Fatmawati melahirkan anak terakhir pada 13 Januari 1953. Sukarno akan memberinya nama Taufan. Namun, Fatmawati tidak setuju, lebih suka dengan nama Guruh. Anak lelaki kedua setelah Guntur itu pun dinamai Mohammad Guruh Irianto Sukarnoputra.
Fatmawati mengalami pendarahan ketika melahirkan Guruh. Oleh karena itu, dokter menyarankan sebaiknya Fatmawati tidak punya anak lagi karena berbahaya.
“Sering saya kemudian ingat, betapa menderitanya Bu Fat. Beliau berhasil lolos dari risiko kematian akibat melahirkan, namun segera memasuki dunia penuh kepedihan dan kepahitan ketika rumah tangganya dirusak oleh sesama kaumnya,” kata Meutia Farida Hatta Swasono, putri Bung Hatta, dalam pengantar buku Suka Duka Fatmawati Sukarno karya Kadjat Adra’i.

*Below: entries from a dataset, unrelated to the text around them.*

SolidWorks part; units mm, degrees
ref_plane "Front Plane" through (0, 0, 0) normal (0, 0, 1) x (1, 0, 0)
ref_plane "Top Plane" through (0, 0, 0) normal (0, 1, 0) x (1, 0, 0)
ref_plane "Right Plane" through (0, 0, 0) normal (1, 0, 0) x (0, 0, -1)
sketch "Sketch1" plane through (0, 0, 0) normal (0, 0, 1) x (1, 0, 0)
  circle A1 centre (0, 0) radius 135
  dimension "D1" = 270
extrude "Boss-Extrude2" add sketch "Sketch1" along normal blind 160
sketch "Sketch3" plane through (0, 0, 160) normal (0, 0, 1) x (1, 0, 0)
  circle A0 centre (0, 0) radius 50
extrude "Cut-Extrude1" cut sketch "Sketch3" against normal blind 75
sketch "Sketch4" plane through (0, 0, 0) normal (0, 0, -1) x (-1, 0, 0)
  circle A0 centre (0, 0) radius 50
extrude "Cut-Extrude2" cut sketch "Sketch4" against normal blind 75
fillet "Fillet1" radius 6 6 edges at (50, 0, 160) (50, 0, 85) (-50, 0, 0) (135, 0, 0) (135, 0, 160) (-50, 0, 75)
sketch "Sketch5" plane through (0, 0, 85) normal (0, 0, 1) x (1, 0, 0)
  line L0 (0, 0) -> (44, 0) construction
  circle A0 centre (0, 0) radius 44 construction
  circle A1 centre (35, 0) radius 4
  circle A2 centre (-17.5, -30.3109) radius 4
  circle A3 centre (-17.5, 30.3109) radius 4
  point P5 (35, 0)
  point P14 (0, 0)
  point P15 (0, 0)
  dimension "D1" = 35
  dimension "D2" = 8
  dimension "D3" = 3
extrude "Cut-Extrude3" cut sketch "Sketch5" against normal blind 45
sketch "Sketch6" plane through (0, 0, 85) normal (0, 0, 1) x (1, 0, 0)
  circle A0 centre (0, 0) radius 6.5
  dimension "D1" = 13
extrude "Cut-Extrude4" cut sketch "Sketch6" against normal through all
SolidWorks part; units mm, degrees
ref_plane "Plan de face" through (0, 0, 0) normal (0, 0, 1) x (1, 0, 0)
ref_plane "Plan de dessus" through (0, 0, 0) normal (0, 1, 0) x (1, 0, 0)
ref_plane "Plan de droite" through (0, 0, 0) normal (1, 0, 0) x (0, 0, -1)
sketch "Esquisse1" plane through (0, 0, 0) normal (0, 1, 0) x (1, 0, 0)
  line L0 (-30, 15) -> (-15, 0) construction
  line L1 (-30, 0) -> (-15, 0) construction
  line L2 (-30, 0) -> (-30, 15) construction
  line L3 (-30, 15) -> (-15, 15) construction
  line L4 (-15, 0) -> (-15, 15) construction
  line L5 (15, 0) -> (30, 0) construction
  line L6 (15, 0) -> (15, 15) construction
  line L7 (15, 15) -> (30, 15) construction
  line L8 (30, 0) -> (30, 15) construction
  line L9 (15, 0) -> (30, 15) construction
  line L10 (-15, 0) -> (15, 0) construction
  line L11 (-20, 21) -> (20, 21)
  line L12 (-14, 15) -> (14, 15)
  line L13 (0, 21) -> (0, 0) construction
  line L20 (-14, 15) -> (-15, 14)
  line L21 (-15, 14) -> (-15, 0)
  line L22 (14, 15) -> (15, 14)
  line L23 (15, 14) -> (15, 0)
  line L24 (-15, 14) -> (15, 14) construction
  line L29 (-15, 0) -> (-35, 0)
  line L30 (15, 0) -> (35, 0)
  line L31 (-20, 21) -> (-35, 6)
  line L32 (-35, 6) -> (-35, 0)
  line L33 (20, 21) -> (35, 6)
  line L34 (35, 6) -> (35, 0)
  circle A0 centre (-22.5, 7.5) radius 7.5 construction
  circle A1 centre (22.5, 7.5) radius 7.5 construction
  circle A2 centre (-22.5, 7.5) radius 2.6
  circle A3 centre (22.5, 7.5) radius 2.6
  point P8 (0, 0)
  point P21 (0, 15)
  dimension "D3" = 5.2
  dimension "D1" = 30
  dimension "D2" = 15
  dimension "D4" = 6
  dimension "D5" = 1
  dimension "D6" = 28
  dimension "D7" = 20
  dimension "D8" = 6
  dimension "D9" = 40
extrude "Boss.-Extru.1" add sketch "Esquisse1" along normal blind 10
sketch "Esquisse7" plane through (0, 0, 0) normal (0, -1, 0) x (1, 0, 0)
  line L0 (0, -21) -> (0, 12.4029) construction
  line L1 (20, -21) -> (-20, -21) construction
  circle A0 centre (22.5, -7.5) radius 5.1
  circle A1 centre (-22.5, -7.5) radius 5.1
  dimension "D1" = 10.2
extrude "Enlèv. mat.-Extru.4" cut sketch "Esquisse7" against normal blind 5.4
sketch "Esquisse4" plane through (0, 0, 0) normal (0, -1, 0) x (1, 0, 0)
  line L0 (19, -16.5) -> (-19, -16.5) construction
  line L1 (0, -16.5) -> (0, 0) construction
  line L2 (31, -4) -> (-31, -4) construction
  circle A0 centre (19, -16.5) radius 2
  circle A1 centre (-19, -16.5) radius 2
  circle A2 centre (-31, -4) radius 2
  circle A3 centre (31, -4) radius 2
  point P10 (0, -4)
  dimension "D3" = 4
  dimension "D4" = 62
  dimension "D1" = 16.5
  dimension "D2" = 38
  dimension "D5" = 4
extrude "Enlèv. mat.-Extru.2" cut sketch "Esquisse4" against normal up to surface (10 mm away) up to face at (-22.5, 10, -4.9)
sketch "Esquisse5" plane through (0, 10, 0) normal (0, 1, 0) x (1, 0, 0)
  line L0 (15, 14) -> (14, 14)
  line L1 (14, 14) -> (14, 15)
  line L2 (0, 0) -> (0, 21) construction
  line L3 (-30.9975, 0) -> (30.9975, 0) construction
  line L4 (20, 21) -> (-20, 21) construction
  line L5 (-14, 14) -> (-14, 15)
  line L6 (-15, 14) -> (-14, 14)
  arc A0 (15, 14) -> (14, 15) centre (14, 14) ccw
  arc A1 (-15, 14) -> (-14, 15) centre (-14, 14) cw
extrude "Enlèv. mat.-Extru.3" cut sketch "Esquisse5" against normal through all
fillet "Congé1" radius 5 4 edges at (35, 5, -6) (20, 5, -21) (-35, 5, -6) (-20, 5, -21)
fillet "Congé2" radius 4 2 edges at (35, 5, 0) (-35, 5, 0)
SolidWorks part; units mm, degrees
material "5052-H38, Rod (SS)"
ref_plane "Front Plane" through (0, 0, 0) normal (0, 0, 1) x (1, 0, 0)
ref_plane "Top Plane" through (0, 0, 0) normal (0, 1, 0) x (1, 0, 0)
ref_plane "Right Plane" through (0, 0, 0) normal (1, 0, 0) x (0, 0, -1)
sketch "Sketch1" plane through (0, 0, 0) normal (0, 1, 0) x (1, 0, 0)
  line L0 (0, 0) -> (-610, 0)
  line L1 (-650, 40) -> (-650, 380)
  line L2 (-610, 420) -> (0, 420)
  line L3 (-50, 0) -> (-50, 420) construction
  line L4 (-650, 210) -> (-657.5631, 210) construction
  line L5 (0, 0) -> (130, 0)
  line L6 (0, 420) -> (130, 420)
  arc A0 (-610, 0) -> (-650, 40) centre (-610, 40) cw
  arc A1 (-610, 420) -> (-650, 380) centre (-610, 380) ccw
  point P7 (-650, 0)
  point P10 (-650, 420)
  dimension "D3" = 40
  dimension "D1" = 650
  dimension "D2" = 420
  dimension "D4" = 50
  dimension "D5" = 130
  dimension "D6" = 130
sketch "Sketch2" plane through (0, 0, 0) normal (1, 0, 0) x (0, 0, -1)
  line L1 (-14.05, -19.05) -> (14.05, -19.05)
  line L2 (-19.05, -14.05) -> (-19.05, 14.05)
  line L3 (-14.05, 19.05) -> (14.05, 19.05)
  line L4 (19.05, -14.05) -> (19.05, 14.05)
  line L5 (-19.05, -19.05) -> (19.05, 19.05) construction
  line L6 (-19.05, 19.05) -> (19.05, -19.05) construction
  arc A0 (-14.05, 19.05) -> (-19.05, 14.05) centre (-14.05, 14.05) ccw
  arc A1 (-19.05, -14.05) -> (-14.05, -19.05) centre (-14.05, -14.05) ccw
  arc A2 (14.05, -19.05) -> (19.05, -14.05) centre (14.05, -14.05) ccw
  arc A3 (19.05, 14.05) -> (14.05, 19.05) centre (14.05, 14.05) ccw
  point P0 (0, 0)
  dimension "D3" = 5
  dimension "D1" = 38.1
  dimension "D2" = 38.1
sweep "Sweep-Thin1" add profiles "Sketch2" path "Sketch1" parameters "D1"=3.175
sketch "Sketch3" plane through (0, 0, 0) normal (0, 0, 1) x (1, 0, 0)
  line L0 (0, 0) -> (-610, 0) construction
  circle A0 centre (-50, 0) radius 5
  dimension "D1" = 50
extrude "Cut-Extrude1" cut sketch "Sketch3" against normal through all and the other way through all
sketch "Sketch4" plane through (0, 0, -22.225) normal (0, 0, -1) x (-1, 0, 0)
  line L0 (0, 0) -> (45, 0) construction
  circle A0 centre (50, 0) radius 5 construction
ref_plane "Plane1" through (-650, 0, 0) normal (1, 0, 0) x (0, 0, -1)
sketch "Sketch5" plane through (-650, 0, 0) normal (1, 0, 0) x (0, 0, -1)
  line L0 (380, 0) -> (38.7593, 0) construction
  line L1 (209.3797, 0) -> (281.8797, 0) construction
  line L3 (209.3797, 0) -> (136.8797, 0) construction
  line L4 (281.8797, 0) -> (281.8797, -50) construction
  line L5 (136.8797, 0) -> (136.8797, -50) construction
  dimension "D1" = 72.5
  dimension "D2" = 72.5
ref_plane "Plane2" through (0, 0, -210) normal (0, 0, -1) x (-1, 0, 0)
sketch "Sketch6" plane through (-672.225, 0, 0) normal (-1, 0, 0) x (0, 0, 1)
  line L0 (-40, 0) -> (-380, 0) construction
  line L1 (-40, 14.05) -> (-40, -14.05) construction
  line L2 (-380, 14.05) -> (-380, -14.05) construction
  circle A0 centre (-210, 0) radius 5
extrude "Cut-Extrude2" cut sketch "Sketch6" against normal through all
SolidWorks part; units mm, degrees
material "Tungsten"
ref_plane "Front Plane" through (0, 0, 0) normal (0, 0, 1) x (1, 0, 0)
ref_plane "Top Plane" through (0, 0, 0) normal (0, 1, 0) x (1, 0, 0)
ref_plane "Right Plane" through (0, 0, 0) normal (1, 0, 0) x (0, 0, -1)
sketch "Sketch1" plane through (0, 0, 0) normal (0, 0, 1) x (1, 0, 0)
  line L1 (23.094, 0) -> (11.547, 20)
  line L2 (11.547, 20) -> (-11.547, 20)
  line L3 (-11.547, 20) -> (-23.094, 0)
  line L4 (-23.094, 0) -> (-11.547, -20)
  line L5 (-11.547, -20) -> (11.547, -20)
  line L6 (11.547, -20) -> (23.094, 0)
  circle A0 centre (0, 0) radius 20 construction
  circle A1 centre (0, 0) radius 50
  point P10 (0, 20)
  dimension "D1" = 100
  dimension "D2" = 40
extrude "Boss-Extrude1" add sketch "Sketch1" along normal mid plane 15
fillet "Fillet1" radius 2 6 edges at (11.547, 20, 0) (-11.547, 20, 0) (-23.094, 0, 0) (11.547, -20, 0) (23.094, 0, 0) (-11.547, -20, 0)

Ketika Guruh berumur dua hari, Sukarno meminta izin kepada Fatmawati untuk menikah lagi dengan Hartini. Fatmawati mengizinkan tetapi dia minta dikembalikan kepada orangtuanya. Dia tak mau dimadu dan tetap antipoligami.
Baca juga: Hartini, First Lady yang Tak Diakui
“Terlepas dari perasaanku, satu hal patut dipuji: Bung Karno tidak hipokrit atau sembunyi-sembunyi,” kata Fatmawati dalam memoarnya, Catatan Kecil Bersama Bung Karno.
Sukarno menikahi Hartini pada 7 Juli 1953. Kendati Sukarno menikahi lima perempuan lagi, namun Hartini-lah yang mendampinginya hingga akhir hayat pada 21 Juni 1970. Hartini sendiri meninggal pada 12 Maret 2002.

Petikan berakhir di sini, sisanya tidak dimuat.